WORK TO BE COMPLETED:
In the records that follow, find the line with "emi_1181 : Outport"; from there, retype every line exactly through the line with "emi_1807/1 -> cfblk24/1", which also belongs to the answer.

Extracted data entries
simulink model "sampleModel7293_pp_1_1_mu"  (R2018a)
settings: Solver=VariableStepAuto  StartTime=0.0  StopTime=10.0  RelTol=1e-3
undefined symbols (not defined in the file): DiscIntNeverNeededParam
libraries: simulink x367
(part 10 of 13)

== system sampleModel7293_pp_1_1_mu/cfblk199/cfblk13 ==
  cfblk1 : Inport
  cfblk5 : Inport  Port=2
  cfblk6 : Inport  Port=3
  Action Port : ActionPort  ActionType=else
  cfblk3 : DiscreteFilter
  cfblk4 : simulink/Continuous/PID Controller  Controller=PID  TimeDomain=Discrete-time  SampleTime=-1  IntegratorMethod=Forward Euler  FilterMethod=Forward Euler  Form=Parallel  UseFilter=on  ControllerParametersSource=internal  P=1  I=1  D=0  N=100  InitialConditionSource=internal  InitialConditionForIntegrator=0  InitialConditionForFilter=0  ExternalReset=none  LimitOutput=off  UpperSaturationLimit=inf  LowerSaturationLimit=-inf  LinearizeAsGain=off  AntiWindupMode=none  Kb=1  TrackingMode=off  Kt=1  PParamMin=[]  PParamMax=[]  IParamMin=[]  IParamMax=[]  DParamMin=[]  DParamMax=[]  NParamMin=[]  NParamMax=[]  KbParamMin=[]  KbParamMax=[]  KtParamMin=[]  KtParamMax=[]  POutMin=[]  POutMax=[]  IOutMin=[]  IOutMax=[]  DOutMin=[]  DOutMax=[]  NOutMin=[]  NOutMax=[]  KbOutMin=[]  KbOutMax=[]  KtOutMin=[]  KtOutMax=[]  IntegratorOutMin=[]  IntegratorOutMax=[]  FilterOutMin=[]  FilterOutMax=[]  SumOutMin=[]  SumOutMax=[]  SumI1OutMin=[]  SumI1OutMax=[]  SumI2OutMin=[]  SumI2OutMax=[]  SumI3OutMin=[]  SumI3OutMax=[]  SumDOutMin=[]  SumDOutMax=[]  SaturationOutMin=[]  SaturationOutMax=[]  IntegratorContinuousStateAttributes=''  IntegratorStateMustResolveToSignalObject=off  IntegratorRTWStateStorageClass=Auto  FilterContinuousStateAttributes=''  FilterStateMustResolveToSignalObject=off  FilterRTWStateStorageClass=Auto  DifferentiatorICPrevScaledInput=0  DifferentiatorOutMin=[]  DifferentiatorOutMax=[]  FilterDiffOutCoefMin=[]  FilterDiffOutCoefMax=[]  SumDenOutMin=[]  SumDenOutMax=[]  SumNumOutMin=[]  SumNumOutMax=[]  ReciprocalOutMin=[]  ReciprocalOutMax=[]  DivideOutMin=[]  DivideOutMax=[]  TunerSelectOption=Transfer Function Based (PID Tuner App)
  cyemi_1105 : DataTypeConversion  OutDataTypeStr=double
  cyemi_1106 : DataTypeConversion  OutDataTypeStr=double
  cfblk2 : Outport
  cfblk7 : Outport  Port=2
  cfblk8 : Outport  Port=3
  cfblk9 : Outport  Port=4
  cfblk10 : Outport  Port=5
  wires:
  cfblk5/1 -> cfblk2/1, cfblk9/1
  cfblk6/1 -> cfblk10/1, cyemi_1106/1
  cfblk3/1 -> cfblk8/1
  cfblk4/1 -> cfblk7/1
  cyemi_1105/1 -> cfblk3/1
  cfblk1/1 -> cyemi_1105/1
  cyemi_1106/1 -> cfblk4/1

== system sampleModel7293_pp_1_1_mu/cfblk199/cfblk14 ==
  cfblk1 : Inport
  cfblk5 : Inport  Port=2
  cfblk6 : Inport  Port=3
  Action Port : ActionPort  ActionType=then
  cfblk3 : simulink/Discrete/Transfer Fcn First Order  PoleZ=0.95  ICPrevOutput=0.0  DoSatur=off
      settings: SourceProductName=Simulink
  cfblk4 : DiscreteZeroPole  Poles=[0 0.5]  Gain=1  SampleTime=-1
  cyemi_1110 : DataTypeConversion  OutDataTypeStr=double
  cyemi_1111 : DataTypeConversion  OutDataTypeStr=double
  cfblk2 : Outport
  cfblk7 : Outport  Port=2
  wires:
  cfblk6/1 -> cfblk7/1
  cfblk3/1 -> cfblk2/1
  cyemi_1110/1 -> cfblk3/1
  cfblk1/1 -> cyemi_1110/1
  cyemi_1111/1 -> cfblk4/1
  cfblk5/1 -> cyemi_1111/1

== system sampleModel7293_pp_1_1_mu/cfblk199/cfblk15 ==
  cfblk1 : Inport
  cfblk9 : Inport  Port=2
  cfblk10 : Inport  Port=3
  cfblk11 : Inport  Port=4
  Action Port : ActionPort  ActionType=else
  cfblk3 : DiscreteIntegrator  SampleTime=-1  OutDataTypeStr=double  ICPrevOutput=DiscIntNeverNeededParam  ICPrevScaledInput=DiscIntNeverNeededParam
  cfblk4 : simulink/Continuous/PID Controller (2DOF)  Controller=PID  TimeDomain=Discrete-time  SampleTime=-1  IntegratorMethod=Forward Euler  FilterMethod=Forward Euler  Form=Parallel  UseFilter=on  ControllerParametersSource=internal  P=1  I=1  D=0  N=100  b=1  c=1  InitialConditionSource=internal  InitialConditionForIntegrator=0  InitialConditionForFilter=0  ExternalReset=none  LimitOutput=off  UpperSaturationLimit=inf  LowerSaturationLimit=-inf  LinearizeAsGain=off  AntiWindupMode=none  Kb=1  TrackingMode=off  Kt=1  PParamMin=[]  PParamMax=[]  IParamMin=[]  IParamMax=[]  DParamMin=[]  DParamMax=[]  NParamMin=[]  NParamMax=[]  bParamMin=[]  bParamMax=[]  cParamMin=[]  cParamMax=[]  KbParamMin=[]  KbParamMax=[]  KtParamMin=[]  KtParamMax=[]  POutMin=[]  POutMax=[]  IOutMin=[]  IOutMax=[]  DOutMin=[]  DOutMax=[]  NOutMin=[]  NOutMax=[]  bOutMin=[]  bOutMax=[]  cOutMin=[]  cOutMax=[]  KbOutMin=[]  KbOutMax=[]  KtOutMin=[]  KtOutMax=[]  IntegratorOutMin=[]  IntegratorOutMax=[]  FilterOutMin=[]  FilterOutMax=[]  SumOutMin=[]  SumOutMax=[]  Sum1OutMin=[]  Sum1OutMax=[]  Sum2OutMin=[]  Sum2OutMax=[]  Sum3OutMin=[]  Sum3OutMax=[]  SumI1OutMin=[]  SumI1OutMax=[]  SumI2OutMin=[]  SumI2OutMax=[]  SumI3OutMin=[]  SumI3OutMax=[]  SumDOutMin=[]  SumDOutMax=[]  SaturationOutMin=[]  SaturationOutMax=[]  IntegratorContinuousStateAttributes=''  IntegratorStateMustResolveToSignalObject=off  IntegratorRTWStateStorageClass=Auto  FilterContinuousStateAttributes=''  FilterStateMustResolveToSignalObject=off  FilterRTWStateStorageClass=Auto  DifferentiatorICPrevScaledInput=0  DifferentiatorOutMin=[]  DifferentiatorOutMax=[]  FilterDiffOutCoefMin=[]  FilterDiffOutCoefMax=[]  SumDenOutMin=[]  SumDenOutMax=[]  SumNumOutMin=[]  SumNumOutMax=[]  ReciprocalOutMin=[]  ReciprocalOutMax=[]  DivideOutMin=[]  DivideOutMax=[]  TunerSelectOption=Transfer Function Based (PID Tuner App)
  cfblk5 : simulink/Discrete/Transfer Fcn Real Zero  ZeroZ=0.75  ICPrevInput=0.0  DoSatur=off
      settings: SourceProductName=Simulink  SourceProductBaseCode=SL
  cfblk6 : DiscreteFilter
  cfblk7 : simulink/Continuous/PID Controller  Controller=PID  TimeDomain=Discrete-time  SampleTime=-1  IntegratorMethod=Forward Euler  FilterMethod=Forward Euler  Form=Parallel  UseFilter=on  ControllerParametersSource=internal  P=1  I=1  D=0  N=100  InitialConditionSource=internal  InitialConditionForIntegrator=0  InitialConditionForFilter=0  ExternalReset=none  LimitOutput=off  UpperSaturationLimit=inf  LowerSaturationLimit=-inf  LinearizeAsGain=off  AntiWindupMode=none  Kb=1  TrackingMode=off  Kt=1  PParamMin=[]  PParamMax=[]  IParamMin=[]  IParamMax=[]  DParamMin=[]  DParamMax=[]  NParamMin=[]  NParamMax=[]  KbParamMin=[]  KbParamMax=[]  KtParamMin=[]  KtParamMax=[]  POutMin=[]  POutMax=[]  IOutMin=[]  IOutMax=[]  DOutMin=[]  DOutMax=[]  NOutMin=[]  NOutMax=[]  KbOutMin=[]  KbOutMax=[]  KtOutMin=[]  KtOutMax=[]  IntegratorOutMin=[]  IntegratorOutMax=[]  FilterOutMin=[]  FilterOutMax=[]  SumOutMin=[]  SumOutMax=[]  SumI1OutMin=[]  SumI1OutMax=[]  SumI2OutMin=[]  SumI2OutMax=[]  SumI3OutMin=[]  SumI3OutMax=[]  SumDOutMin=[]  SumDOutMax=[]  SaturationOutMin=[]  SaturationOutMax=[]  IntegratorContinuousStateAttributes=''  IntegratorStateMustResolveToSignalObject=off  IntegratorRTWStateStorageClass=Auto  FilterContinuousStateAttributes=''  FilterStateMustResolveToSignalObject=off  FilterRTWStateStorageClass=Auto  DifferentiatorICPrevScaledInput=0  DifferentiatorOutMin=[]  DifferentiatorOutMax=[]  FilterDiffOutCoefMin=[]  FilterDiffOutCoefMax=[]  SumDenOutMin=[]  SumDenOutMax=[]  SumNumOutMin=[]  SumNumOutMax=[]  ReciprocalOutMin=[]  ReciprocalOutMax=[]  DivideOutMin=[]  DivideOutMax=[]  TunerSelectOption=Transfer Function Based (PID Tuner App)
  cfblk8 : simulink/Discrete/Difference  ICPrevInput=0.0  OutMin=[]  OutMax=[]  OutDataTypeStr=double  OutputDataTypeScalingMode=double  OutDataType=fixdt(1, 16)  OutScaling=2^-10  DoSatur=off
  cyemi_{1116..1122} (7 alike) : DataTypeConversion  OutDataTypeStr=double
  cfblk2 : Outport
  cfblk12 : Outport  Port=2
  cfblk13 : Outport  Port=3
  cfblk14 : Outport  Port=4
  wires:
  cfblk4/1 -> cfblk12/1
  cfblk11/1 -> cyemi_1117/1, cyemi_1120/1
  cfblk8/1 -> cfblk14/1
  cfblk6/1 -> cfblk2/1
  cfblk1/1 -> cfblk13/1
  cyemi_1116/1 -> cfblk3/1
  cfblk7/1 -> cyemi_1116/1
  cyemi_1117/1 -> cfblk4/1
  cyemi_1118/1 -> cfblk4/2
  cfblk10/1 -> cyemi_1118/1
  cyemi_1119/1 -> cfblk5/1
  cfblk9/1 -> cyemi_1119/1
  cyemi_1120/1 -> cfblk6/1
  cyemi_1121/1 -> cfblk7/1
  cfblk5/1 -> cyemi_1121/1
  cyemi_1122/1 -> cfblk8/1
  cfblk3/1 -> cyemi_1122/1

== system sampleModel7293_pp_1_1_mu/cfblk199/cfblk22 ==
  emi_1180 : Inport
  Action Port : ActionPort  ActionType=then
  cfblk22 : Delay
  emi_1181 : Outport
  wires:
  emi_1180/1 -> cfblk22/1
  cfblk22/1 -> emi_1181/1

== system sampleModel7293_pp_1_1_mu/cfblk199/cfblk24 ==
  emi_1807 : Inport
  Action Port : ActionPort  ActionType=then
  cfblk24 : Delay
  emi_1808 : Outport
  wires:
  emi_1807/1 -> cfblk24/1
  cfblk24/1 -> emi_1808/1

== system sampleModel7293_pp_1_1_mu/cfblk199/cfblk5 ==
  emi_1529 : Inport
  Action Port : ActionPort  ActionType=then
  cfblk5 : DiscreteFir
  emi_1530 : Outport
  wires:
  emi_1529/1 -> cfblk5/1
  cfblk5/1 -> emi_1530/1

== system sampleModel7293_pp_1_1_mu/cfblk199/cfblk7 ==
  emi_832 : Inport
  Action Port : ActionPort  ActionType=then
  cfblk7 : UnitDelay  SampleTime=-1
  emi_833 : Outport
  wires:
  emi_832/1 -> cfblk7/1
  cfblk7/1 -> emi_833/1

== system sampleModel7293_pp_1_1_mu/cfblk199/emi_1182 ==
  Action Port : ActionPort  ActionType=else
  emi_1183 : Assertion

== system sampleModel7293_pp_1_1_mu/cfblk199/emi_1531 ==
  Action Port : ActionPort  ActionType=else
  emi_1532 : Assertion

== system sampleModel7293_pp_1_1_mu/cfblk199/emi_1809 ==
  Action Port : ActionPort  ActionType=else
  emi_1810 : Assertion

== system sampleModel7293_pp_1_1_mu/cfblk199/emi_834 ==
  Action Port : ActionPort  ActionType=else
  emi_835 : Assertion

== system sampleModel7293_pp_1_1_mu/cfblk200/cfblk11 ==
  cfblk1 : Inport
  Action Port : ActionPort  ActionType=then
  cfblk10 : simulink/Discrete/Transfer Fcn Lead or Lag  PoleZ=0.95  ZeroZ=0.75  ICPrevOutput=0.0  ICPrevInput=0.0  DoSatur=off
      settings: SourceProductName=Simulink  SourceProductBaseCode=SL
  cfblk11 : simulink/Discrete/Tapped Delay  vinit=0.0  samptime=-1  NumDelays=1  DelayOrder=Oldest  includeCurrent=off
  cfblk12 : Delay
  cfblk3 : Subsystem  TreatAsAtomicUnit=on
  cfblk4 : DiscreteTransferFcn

COMPLETED EXERCISE:
  emi_1181 : Outport
  wires:
  emi_1180/1 -> cfblk22/1
  cfblk22/1 -> emi_1181/1

== system sampleModel7293_pp_1_1_mu/cfblk199/cfblk24 ==
  emi_1807 : Inport
  Action Port : ActionPort  ActionType=then
  cfblk24 : Delay
  emi_1808 : Outport
  wires:
  emi_1807/1 -> cfblk24/1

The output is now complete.